Political wrangling in Washington has put in jeopardy a potential growth industry in the United States, one that has created tens of thousands of jobs in recent years and has spawned millions of dollars in new business activity. The failure of the United States Congress to extend the wind energy production tax credit past the end of this year has already seen its effects on this green industry, from canceled wind energy projects to hundreds of job losses. With the political season now upon us, it is unlikely that Congress will act to renew the PTC this year and wind energy companies are reacting accordingly.

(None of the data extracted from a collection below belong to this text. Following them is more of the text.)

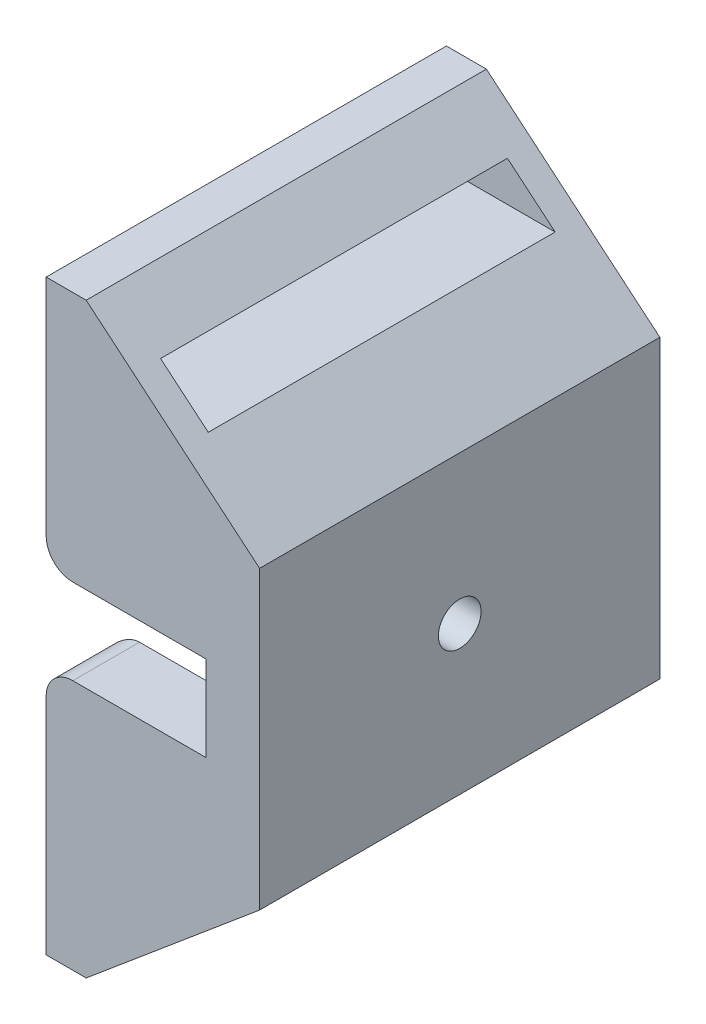
ISO-10303-21;
HEADER;
FILE_DESCRIPTION(('STEP AP214'),'2;1');
FILE_NAME('part.step','',(''),(''),'','','');
FILE_SCHEMA(('AUTOMOTIVE_DESIGN { 1 0 10303 214 1 1 1 1 }'));
ENDSEC;
DATA;
#1=APPLICATION_CONTEXT('core data for automotive mechanical design processes');
#2=APPLICATION_PROTOCOL_DEFINITION('international standard','automotive_design',2000,#1);
#3=PRODUCT_CONTEXT('',#1,'mechanical');
#4=PRODUCT('Part','Part','',(#3));
#5=PRODUCT_RELATED_PRODUCT_CATEGORY('part','',(#4));
#6=PRODUCT_DEFINITION_FORMATION('','',#4);
#7=PRODUCT_DEFINITION_CONTEXT('part definition',#1,'design');
#8=PRODUCT_DEFINITION('design','',#6,#7);
#9=PRODUCT_DEFINITION_SHAPE('','',#8);
#10=(LENGTH_UNIT() NAMED_UNIT(*) SI_UNIT(.MILLI.,.METRE.));
#11=(NAMED_UNIT(*) PLANE_ANGLE_UNIT() SI_UNIT($,.RADIAN.));
#12=(NAMED_UNIT(*) SI_UNIT($,.STERADIAN.) SOLID_ANGLE_UNIT());
#13=UNCERTAINTY_MEASURE_WITH_UNIT(LENGTH_MEASURE(1.E-05),#10,'distance_accuracy_value','');
#14=(GEOMETRIC_REPRESENTATION_CONTEXT(3) GLOBAL_UNCERTAINTY_ASSIGNED_CONTEXT((#13)) GLOBAL_UNIT_ASSIGNED_CONTEXT((#10,
#11,#12)) REPRESENTATION_CONTEXT('',''));
#15=CARTESIAN_POINT('',(0.,0.,0.));
#16=DIRECTION('',(0.,0.,1.));
#17=DIRECTION('',(1.,0.,0.));
#18=AXIS2_PLACEMENT_3D('',#15,#16,#17);
#19=CARTESIAN_POINT('',(-8.,-11.,0.));
#20=DIRECTION('',(0.,0.,-1.));
#21=DIRECTION('',(-1.,0.,0.));
#22=AXIS2_PLACEMENT_3D('',#19,#20,#21);
#23=PLANE('',#22);
#24=DIRECTION('',(0.,1.,0.));
#25=VECTOR('',#24,1.);
#26=CARTESIAN_POINT('',(-8.,-11.,0.));
#27=LINE('',#26,#25);
#28=CARTESIAN_POINT('',(-8.,2.6,0.));
#29=VERTEX_POINT('',#28);
#30=CARTESIAN_POINT('',(-8.,11.,0.));
#31=VERTEX_POINT('',#30);
#32=EDGE_CURVE('E516',#29,#31,#27,.T.);
#33=ORIENTED_EDGE('',*,*,#32,.F.);
#34=CARTESIAN_POINT('',(-7.,2.6,0.));
#35=DIRECTION('',(0.,0.,-1.));
#36=DIRECTION('',(-1.,0.,0.));
#37=AXIS2_PLACEMENT_3D('',#34,#35,#36);
#38=CIRCLE('',#37,1.);
#39=CARTESIAN_POINT('',(-7.,1.6,0.));
#40=VERTEX_POINT('',#39);
#41=EDGE_CURVE('E256',#29,#40,#38,.F.);
#42=ORIENTED_EDGE('',*,*,#41,.T.);
#43=DIRECTION('',(-1.,0.,0.));
#44=VECTOR('',#43,1.);
#45=CARTESIAN_POINT('',(-8.,1.6,0.));
#46=LINE('',#45,#44);
#47=CARTESIAN_POINT('',(-2.,1.6,0.));
#48=VERTEX_POINT('',#47);
#49=EDGE_CURVE('E545',#48,#40,#46,.T.);
#50=ORIENTED_EDGE('',*,*,#49,.F.);
#51=DIRECTION('',(0.,1.,0.));
#52=VECTOR('',#51,1.);
#53=CARTESIAN_POINT('',(-2.,1.6,0.));
#54=LINE('',#53,#52);
#55=CARTESIAN_POINT('',(-2.,-1.6,0.));
#56=VERTEX_POINT('',#55);
#57=EDGE_CURVE('E548',#56,#48,#54,.T.);
#58=ORIENTED_EDGE('',*,*,#57,.F.);
#59=DIRECTION('',(1.,0.,0.));
#60=VECTOR('',#59,1.);
#61=CARTESIAN_POINT('',(-8.,-1.6,0.));
#62=LINE('',#61,#60);
#63=CARTESIAN_POINT('',(-7.,-1.6,0.));
#64=VERTEX_POINT('',#63);
#65=EDGE_CURVE('E512',#64,#56,#62,.T.);
#66=ORIENTED_EDGE('',*,*,#65,.F.);
#67=CARTESIAN_POINT('',(-7.,-2.6,0.));
#68=DIRECTION('',(0.,0.,-1.));
#69=DIRECTION('',(-1.,0.,0.));
#70=AXIS2_PLACEMENT_3D('',#67,#68,#69);
#71=CIRCLE('',#70,1.);
#72=CARTESIAN_POINT('',(-8.,-2.6,0.));
#73=VERTEX_POINT('',#72);
#74=EDGE_CURVE('E253',#64,#73,#71,.F.);
#75=ORIENTED_EDGE('',*,*,#74,.T.);
#76=CARTESIAN_POINT('',(-8.,-11.,0.));
#77=VERTEX_POINT('',#76);
#78=EDGE_CURVE('E510',#77,#73,#27,.T.);
#79=ORIENTED_EDGE('',*,*,#78,.F.);
#80=DIRECTION('',(1.,0.,0.));
#81=VECTOR('',#80,1.);
#82=CARTESIAN_POINT('',(-8.,-11.,0.));
#83=LINE('',#82,#81);
#84=CARTESIAN_POINT('',(-6.5,-11.,0.));
#85=VERTEX_POINT('',#84);
#86=EDGE_CURVE('E222',#77,#85,#83,.T.);
#87=ORIENTED_EDGE('',*,*,#86,.T.);
#88=DIRECTION('',(-0.766044443118981,-0.642787609686535,0.));
#89=VECTOR('',#88,1.);
#90=CARTESIAN_POINT('',(-6.5,-11.,0.));
#91=LINE('',#90,#89);
#92=CARTESIAN_POINT('',(0.,-5.54585239734774,0.));
#93=VERTEX_POINT('',#92);
#94=EDGE_CURVE('E197',#93,#85,#91,.T.);
#95=ORIENTED_EDGE('',*,*,#94,.F.);
#96=DIRECTION('',(0.,1.,0.));
#97=VECTOR('',#96,1.);
#98=CARTESIAN_POINT('',(0.,-11.,0.));
#99=LINE('',#98,#97);
#100=CARTESIAN_POINT('',(0.,5.54585239734775,0.));
#101=VERTEX_POINT('',#100);
#102=EDGE_CURVE('E530',#93,#101,#99,.T.);
#103=ORIENTED_EDGE('',*,*,#102,.T.);
#104=DIRECTION('',(0.766044443118982,-0.642787609686534,0.));
#105=VECTOR('',#104,1.);
#106=CARTESIAN_POINT('',(-6.5,11.,0.));
#107=LINE('',#106,#105);
#108=CARTESIAN_POINT('',(-6.5,11.,0.));
#109=VERTEX_POINT('',#108);
#110=EDGE_CURVE('E656',#109,#101,#107,.T.);
#111=ORIENTED_EDGE('',*,*,#110,.F.);
#112=DIRECTION('',(1.,0.,0.));
#113=VECTOR('',#112,1.);
#114=CARTESIAN_POINT('',(-8.,11.,0.));
#115=LINE('',#114,#113);
#116=EDGE_CURVE('E227',#31,#109,#115,.T.);
#117=ORIENTED_EDGE('',*,*,#116,.F.);
#118=EDGE_LOOP('',(#33,#42,#50,#58,#66,#75,#79,#87,#95,#103,#111,#117));
#119=FACE_BOUND('',#118,.T.);
#120=ADVANCED_FACE('F45',(#119),#23,.F.);
#121=CARTESIAN_POINT('',(-8.,11.,-15.));
#122=DIRECTION('',(0.,-1.,0.));
#123=DIRECTION('',(0.,0.,-1.));
#124=AXIS2_PLACEMENT_3D('',#121,#122,#123);
#125=PLANE('',#124);
#126=ORIENTED_EDGE('',*,*,#116,.T.);
#127=DIRECTION('',(0.,0.,1.));
#128=VECTOR('',#127,1.);
#129=CARTESIAN_POINT('',(-6.5,11.,-15.));
#130=LINE('',#129,#128);
#131=CARTESIAN_POINT('',(-6.5,11.,-15.));
#132=VERTEX_POINT('',#131);
#133=EDGE_CURVE('E662',#132,#109,#130,.T.);
#134=ORIENTED_EDGE('',*,*,#133,.F.);
#135=DIRECTION('',(1.,0.,0.));
#136=VECTOR('',#135,1.);
#137=CARTESIAN_POINT('',(-8.,11.,-15.));
#138=LINE('',#137,#136);
#139=CARTESIAN_POINT('',(-8.,11.,-15.));
#140=VERTEX_POINT('',#139);
#141=EDGE_CURVE('E221',#140,#132,#138,.T.);
#142=ORIENTED_EDGE('',*,*,#141,.F.);
#143=DIRECTION('',(0.,0.,-1.));
#144=VECTOR('',#143,1.);
#145=CARTESIAN_POINT('',(-8.,11.,-15.));
#146=LINE('',#145,#144);
#147=EDGE_CURVE('E515',#31,#140,#146,.T.);
#148=ORIENTED_EDGE('',*,*,#147,.F.);
#149=EDGE_LOOP('',(#126,#134,#142,#148));
#150=FACE_BOUND('',#149,.T.);
#151=ADVANCED_FACE('F281',(#150),#125,.F.);
#152=CARTESIAN_POINT('',(-8.,-11.,-15.));
#153=DIRECTION('',(0.,0.,1.));
#154=DIRECTION('',(1.,0.,0.));
#155=AXIS2_PLACEMENT_3D('',#152,#153,#154);
#156=PLANE('',#155);
#157=DIRECTION('',(0.,-1.,0.));
#158=VECTOR('',#157,1.);
#159=CARTESIAN_POINT('',(0.,-11.,-15.));
#160=LINE('',#159,#158);
#161=CARTESIAN_POINT('',(0.,5.54585239734775,-15.));
#162=VERTEX_POINT('',#161);
#163=CARTESIAN_POINT('',(0.,-5.54585239734774,-15.));
#164=VERTEX_POINT('',#163);
#165=EDGE_CURVE('E215',#162,#164,#160,.T.);
#166=ORIENTED_EDGE('',*,*,#165,.T.);
#167=DIRECTION('',(-0.766044443118981,-0.642787609686535,0.));
#168=VECTOR('',#167,1.);
#169=CARTESIAN_POINT('',(-6.5,-11.,-15.));
#170=LINE('',#169,#168);
#171=CARTESIAN_POINT('',(-6.5,-11.,-15.));
#172=VERTEX_POINT('',#171);
#173=EDGE_CURVE('E194',#164,#172,#170,.T.);
#174=ORIENTED_EDGE('',*,*,#173,.T.);
#175=DIRECTION('',(1.,0.,0.));
#176=VECTOR('',#175,1.);
#177=CARTESIAN_POINT('',(-8.,-11.,-15.));
#178=LINE('',#177,#176);
#179=CARTESIAN_POINT('',(-8.,-11.,-15.));
#180=VERTEX_POINT('',#179);
#181=EDGE_CURVE('E211',#180,#172,#178,.T.);
#182=ORIENTED_EDGE('',*,*,#181,.F.);
#183=DIRECTION('',(0.,-1.,0.));
#184=VECTOR('',#183,1.);
#185=CARTESIAN_POINT('',(-8.,-11.,-15.));
#186=LINE('',#185,#184);
#187=EDGE_CURVE('E520',#140,#180,#186,.T.);
#188=ORIENTED_EDGE('',*,*,#187,.F.);
#189=ORIENTED_EDGE('',*,*,#141,.T.);
#190=DIRECTION('',(0.766044443118982,-0.642787609686534,0.));
#191=VECTOR('',#190,1.);
#192=CARTESIAN_POINT('',(-6.5,11.,-15.));
#193=LINE('',#192,#191);
#194=EDGE_CURVE('E659',#132,#162,#193,.T.);
#195=ORIENTED_EDGE('',*,*,#194,.T.);
#196=EDGE_LOOP('',(#166,#174,#182,#188,#189,#195));
#197=FACE_BOUND('',#196,.T.);
#198=ADVANCED_FACE('F209',(#197),#156,.F.);
#199=CARTESIAN_POINT('',(-8.,-11.,-15.));
#200=DIRECTION('',(0.,1.,0.));
#201=DIRECTION('',(0.,0.,1.));
#202=AXIS2_PLACEMENT_3D('',#199,#200,#201);
#203=PLANE('',#202);
#204=ORIENTED_EDGE('',*,*,#181,.T.);
#205=DIRECTION('',(0.,0.,1.));
#206=VECTOR('',#205,1.);
#207=CARTESIAN_POINT('',(-6.5,-11.,-15.));
#208=LINE('',#207,#206);
#209=EDGE_CURVE('E190',#172,#85,#208,.T.);
#210=ORIENTED_EDGE('',*,*,#209,.T.);
#211=ORIENTED_EDGE('',*,*,#86,.F.);
#212=DIRECTION('',(0.,0.,1.));
#213=VECTOR('',#212,1.);
#214=CARTESIAN_POINT('',(-8.,-11.,-15.));
#215=LINE('',#214,#213);
#216=EDGE_CURVE('E219',#180,#77,#215,.T.);
#217=ORIENTED_EDGE('',*,*,#216,.F.);
#218=EDGE_LOOP('',(#204,#210,#211,#217));
#219=FACE_BOUND('',#218,.T.);
#220=ADVANCED_FACE('F218',(#219),#203,.F.);
#221=CARTESIAN_POINT('',(-8.,0.,0.));
#222=DIRECTION('',(1.,0.,0.));
#223=DIRECTION('',(0.,0.,-1.));
#224=AXIS2_PLACEMENT_3D('',#221,#222,#223);
#225=PLANE('',#224);
#226=DIRECTION('',(0.,0.,1.));
#227=VECTOR('',#226,1.);
#228=CARTESIAN_POINT('',(-8.,-8.,0.));
#229=LINE('',#228,#227);
#230=CARTESIAN_POINT('',(-8.,-8.,-14.));
#231=VERTEX_POINT('',#230);
#232=CARTESIAN_POINT('',(-8.,-8.,-1.));
#233=VERTEX_POINT('',#232);
#234=EDGE_CURVE('E561',#231,#233,#229,.T.);
#235=ORIENTED_EDGE('',*,*,#234,.T.);
#236=DIRECTION('',(0.,-1.,0.));
#237=VECTOR('',#236,1.);
#238=CARTESIAN_POINT('',(-8.,0.,-1.));
#239=LINE('',#238,#237);
#240=CARTESIAN_POINT('',(-8.,-9.5,-1.));
#241=VERTEX_POINT('',#240);
#242=EDGE_CURVE('E557',#233,#241,#239,.T.);
#243=ORIENTED_EDGE('',*,*,#242,.T.);
#244=DIRECTION('',(0.,0.,-1.));
#245=VECTOR('',#244,1.);
#246=CARTESIAN_POINT('',(-8.,-9.5,0.));
#247=LINE('',#246,#245);
#248=CARTESIAN_POINT('',(-8.,-9.5,-14.));
#249=VERTEX_POINT('',#248);
#250=EDGE_CURVE('E569',#241,#249,#247,.T.);
#251=ORIENTED_EDGE('',*,*,#250,.T.);
#252=DIRECTION('',(0.,1.,0.));
#253=VECTOR('',#252,1.);
#254=CARTESIAN_POINT('',(-8.,0.,-14.));
#255=LINE('',#254,#253);
#256=EDGE_CURVE('E565',#249,#231,#255,.T.);
#257=ORIENTED_EDGE('',*,*,#256,.T.);
#258=EDGE_LOOP('',(#235,#243,#251,#257));
#259=FACE_BOUND('',#258,.T.);
#260=DIRECTION('',(0.,0.,1.));
#261=VECTOR('',#260,1.);
#262=CARTESIAN_POINT('',(-8.,9.5,0.));
#263=LINE('',#262,#261);
#264=CARTESIAN_POINT('',(-8.,9.5,-14.));
#265=VERTEX_POINT('',#264);
#266=CARTESIAN_POINT('',(-8.,9.5,-1.));
#267=VERTEX_POINT('',#266);
#268=EDGE_CURVE('E577',#265,#267,#263,.T.);
#269=ORIENTED_EDGE('',*,*,#268,.T.);
#270=DIRECTION('',(0.,-1.,0.));
#271=VECTOR('',#270,1.);
#272=CARTESIAN_POINT('',(-8.,0.,-1.));
#273=LINE('',#272,#271);
#274=CARTESIAN_POINT('',(-8.,8.,-1.));
#275=VERTEX_POINT('',#274);
#276=EDGE_CURVE('E573',#267,#275,#273,.T.);
#277=ORIENTED_EDGE('',*,*,#276,.T.);
#278=DIRECTION('',(0.,0.,-1.));
#279=VECTOR('',#278,1.);
#280=CARTESIAN_POINT('',(-8.,8.,0.));
#281=LINE('',#280,#279);
#282=CARTESIAN_POINT('',(-8.,8.,-14.));
#283=VERTEX_POINT('',#282);
#284=EDGE_CURVE('E585',#275,#283,#281,.T.);
#285=ORIENTED_EDGE('',*,*,#284,.T.);
#286=DIRECTION('',(0.,1.,0.));
#287=VECTOR('',#286,1.);
#288=CARTESIAN_POINT('',(-8.,0.,-14.));
#289=LINE('',#288,#287);
#290=EDGE_CURVE('E581',#283,#265,#289,.T.);
#291=ORIENTED_EDGE('',*,*,#290,.T.);
#292=EDGE_LOOP('',(#269,#277,#285,#291));
#293=FACE_BOUND('',#292,.T.);
#294=CARTESIAN_POINT('',(-8.,0.,-7.5));
#295=DIRECTION('',(1.,0.,0.));
#296=DIRECTION('',(0.,0.,-1.));
#297=AXIS2_PLACEMENT_3D('',#294,#295,#296);
#298=CIRCLE('',#297,6.25);
#299=CARTESIAN_POINT('',(-8.,-2.6,-1.81647116660784));
#300=VERTEX_POINT('',#299);
#301=CARTESIAN_POINT('',(-8.,2.6,-1.81647116660784));
#302=VERTEX_POINT('',#301);
#303=EDGE_CURVE('E243',#300,#302,#298,.T.);
#304=ORIENTED_EDGE('',*,*,#303,.T.);
#305=DIRECTION('',(0.,0.,1.));
#306=VECTOR('',#305,1.);
#307=CARTESIAN_POINT('',(-8.,2.6,0.));
#308=LINE('',#307,#306);
#309=EDGE_CURVE('E249',#302,#29,#308,.T.);
#310=ORIENTED_EDGE('',*,*,#309,.T.);
#311=ORIENTED_EDGE('',*,*,#32,.T.);
#312=ORIENTED_EDGE('',*,*,#147,.T.);
#313=ORIENTED_EDGE('',*,*,#187,.T.);
#314=ORIENTED_EDGE('',*,*,#216,.T.);
#315=ORIENTED_EDGE('',*,*,#78,.T.);
#316=DIRECTION('',(0.,0.,1.));
#317=VECTOR('',#316,1.);
#318=CARTESIAN_POINT('',(-8.,-2.6,0.));
#319=LINE('',#318,#317);
#320=EDGE_CURVE('E246',#73,#300,#319,.F.);
#321=ORIENTED_EDGE('',*,*,#320,.T.);
#322=EDGE_LOOP('',(#304,#310,#311,#312,#313,#314,#315,#321));
#323=FACE_BOUND('',#322,.T.);
#324=ADVANCED_FACE('F296',(#259,#293,#323),#225,.F.);
#325=CARTESIAN_POINT('',(0.,0.,0.));
#326=DIRECTION('',(1.,0.,0.));
#327=DIRECTION('',(0.,0.,-1.));
#328=AXIS2_PLACEMENT_3D('',#325,#326,#327);
#329=PLANE('',#328);
#330=DIRECTION('',(0.,0.,1.));
#331=VECTOR('',#330,1.);
#332=CARTESIAN_POINT('',(0.,-5.54585239734774,-15.));
#333=LINE('',#332,#331);
#334=EDGE_CURVE('E204',#164,#93,#333,.T.);
#335=ORIENTED_EDGE('',*,*,#334,.F.);
#336=ORIENTED_EDGE('',*,*,#165,.F.);
#337=DIRECTION('',(0.,0.,1.));
#338=VECTOR('',#337,1.);
#339=CARTESIAN_POINT('',(0.,5.54585239734775,-15.));
#340=LINE('',#339,#338);
#341=EDGE_CURVE('E665',#162,#101,#340,.T.);
#342=ORIENTED_EDGE('',*,*,#341,.T.);
#343=ORIENTED_EDGE('',*,*,#102,.F.);
#344=EDGE_LOOP('',(#335,#336,#342,#343));
#345=FACE_BOUND('',#344,.T.);
#346=CARTESIAN_POINT('',(0.,0.,-7.5));
#347=DIRECTION('',(-1.,0.,0.));
#348=DIRECTION('',(0.,0.,1.));
#349=AXIS2_PLACEMENT_3D('',#346,#347,#348);
#350=CIRCLE('',#349,0.800000000000001);
#351=CARTESIAN_POINT('',(0.,0.,-6.7));
#352=VERTEX_POINT('',#351);
#353=EDGE_CURVE('E621',#352,#352,#350,.T.);
#354=ORIENTED_EDGE('',*,*,#353,.T.);
#355=EDGE_LOOP('',(#354));
#356=FACE_BOUND('',#355,.T.);
#357=ADVANCED_FACE('F297',(#345,#356),#329,.T.);
#358=CARTESIAN_POINT('',(-2.,0.,-7.5));
#359=DIRECTION('',(-1.,0.,0.));
#360=DIRECTION('',(0.,0.,1.));
#361=AXIS2_PLACEMENT_3D('',#358,#359,#360);
#362=CYLINDRICAL_SURFACE('',#361,5.25);
#363=DIRECTION('',(-1.,0.,0.));
#364=VECTOR('',#363,1.);
#365=CARTESIAN_POINT('',(-2.,1.6,-2.49975000624969));
#366=LINE('',#365,#364);
#367=CARTESIAN_POINT('',(-7.,1.6,-2.49975000624969));
#368=VERTEX_POINT('',#367);
#369=CARTESIAN_POINT('',(-2.,1.6,-2.49975000624969));
#370=VERTEX_POINT('',#369);
#371=EDGE_CURVE('E554',#368,#370,#366,.F.);
#372=ORIENTED_EDGE('',*,*,#371,.F.);
#373=CARTESIAN_POINT('',(-7.,0.,-7.5));
#374=DIRECTION('',(1.,0.,0.));
#375=DIRECTION('',(0.,0.,-1.));
#376=AXIS2_PLACEMENT_3D('',#373,#374,#375);
#377=CIRCLE('',#376,5.25);
#378=CARTESIAN_POINT('',(-7.,-1.6,-2.49975000624969));
#379=VERTEX_POINT('',#378);
#380=EDGE_CURVE('E11',#368,#379,#377,.F.);
#381=ORIENTED_EDGE('',*,*,#380,.T.);
#382=DIRECTION('',(-1.,0.,0.));
#383=VECTOR('',#382,1.);
#384=CARTESIAN_POINT('',(-2.,-1.6,-2.49975000624969));
#385=LINE('',#384,#383);
#386=CARTESIAN_POINT('',(-2.,-1.6,-2.49975000624969));
#387=VERTEX_POINT('',#386);
#388=EDGE_CURVE('E537',#387,#379,#385,.T.);
#389=ORIENTED_EDGE('',*,*,#388,.F.);
#390=CARTESIAN_POINT('',(-2.,0.,-7.5));
#391=DIRECTION('',(-1.,0.,0.));
#392=DIRECTION('',(0.,0.,1.));
#393=AXIS2_PLACEMENT_3D('',#390,#391,#392);
#394=CIRCLE('',#393,5.25);
#395=EDGE_CURVE('E523',#370,#387,#394,.T.);
#396=ORIENTED_EDGE('',*,*,#395,.F.);
#397=EDGE_LOOP('',(#372,#381,#389,#396));
#398=FACE_BOUND('',#397,.T.);
#399=ADVANCED_FACE('F300',(#398),#362,.F.);
#400=CARTESIAN_POINT('',(-2.,0.,-7.5));
#401=DIRECTION('',(-1.,0.,0.));
#402=DIRECTION('',(0.,0.,1.));
#403=AXIS2_PLACEMENT_3D('',#400,#401,#402);
#404=PLANE('',#403);
#405=CARTESIAN_POINT('',(-2.,0.,-7.5));
#406=DIRECTION('',(-1.,0.,0.));
#407=DIRECTION('',(0.,0.,1.));
#408=AXIS2_PLACEMENT_3D('',#405,#406,#407);
#409=CIRCLE('',#408,0.800000000000001);
#410=CARTESIAN_POINT('',(-2.,0.,-6.7));
#411=VERTEX_POINT('',#410);
#412=EDGE_CURVE('E625',#411,#411,#409,.T.);
#413=ORIENTED_EDGE('',*,*,#412,.F.);
#414=EDGE_LOOP('',(#413));
#415=FACE_BOUND('',#414,.T.);
#416=ORIENTED_EDGE('',*,*,#395,.T.);
#417=DIRECTION('',(0.,0.,1.));
#418=VECTOR('',#417,1.);
#419=CARTESIAN_POINT('',(-2.,-1.6,-15.001));
#420=LINE('',#419,#418);
#421=EDGE_CURVE('E541',#387,#56,#420,.T.);
#422=ORIENTED_EDGE('',*,*,#421,.T.);
#423=ORIENTED_EDGE('',*,*,#57,.T.);
#424=DIRECTION('',(0.,0.,1.));
#425=VECTOR('',#424,1.);
#426=CARTESIAN_POINT('',(-2.,1.6,-15.001));
#427=LINE('',#426,#425);
#428=EDGE_CURVE('E539',#370,#48,#427,.T.);
#429=ORIENTED_EDGE('',*,*,#428,.F.);
#430=EDGE_LOOP('',(#416,#422,#423,#429));
#431=FACE_BOUND('',#430,.T.);
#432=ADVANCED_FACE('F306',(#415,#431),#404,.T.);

Many energy industries receive federal government subsidies of one kind or another, in the form of tax breaks, credits, or direct investment. In the case of fossil fuels, those subsidies have been around much longer than renewable energy credits, and many don’t have expiration dates. The uncertainty facing the wind energy industry as a result of the political games being played with the PTC has some companies that manufacture wind turbines and other parts halting production and laying off workers.
The PTC provides a tax credit of 2.2 cents per kilowatt-hour of generated electricity for wind developers for projects that succeed in putting electricity on the grid. The PTC will expire on December 31, 2012, unless Congress extends it. Wind power capacity recently breached 50 gigawatt threshold, about a seven and a half fold increase in the last seven years. The PTC has not been allowed to expire since 2005.
According to the American Wind Energy Association (AWEA), an industry trade group, the enactment of the PTC has stimulated an average of $15.5 billion a year in private investment in the U.S. over the past five years. Wind has installed 35 percent of all new U.S. electric generating capacity, a close second to natural gas.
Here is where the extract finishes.